(Records from a dataset)
********
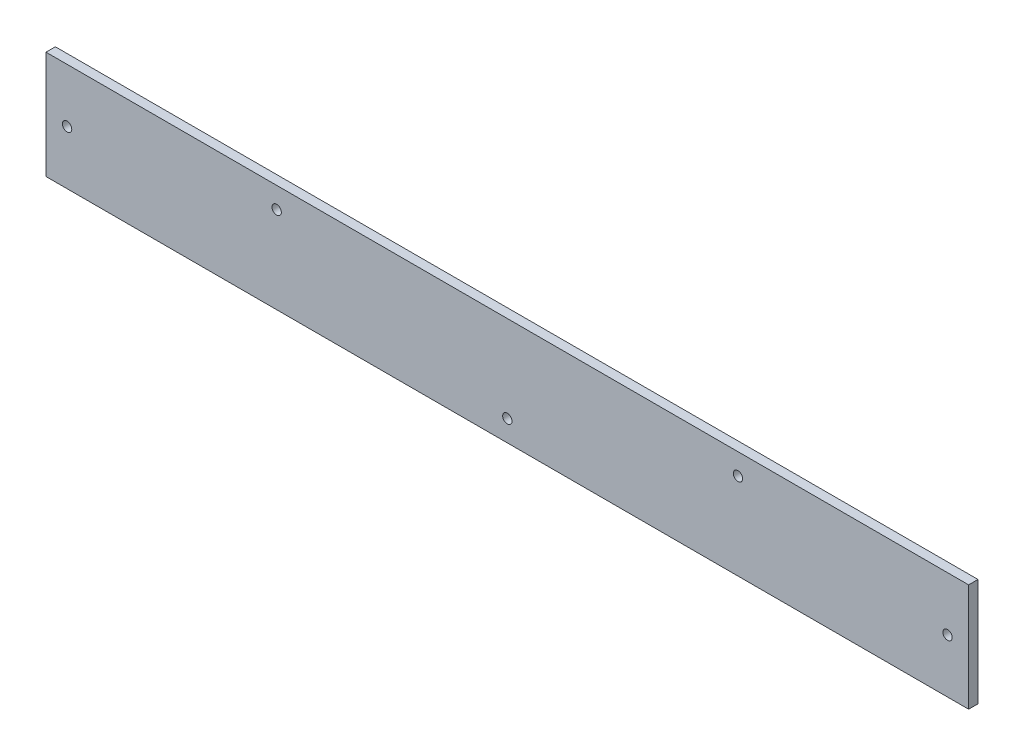
from build123d import *

# Parameters (mm, degrees)
SCHIZZO1_W                   = 394
SCHIZZO1_H                   = 46
SCHIZZO1_R                   = 2
ESTRUSIONE_ESTRUSIONE1_DEPTH = 4


with BuildPart() as part:
    # Schizzo1 → Estrusione-Estrusione1 (new body)
    with BuildSketch(Plane.XY):
        with Locations((197, 23)):
            Rectangle(SCHIZZO1_W, SCHIZZO1_H)
        with Locations((9, 23)):
            Circle(SCHIZZO1_R, mode=Mode.SUBTRACT)
        with Locations((98.5, 37)):
            Circle(SCHIZZO1_R, mode=Mode.SUBTRACT)
        with Locations((197, 9)):
            Circle(SCHIZZO1_R, mode=Mode.SUBTRACT)
        with Locations((385, 23)):
            Circle(SCHIZZO1_R, mode=Mode.SUBTRACT)
        with Locations((295.5, 37)):
            Circle(SCHIZZO1_R, mode=Mode.SUBTRACT)
    extrude(amount=ESTRUSIONE_ESTRUSIONE1_DEPTH)


solid = part.part
********
### Instructions to follow
Read the records above. Show each line that has the string "with".

### Response for this exercise
with BuildPart() as part:
    with BuildSketch(Plane.XY):
        with Locations((197, 23)):
        with Locations((9, 23)):
        with Locations((98.5, 37)):
        with Locations((197, 9)):
        with Locations((385, 23)):
        with Locations((295.5, 37)):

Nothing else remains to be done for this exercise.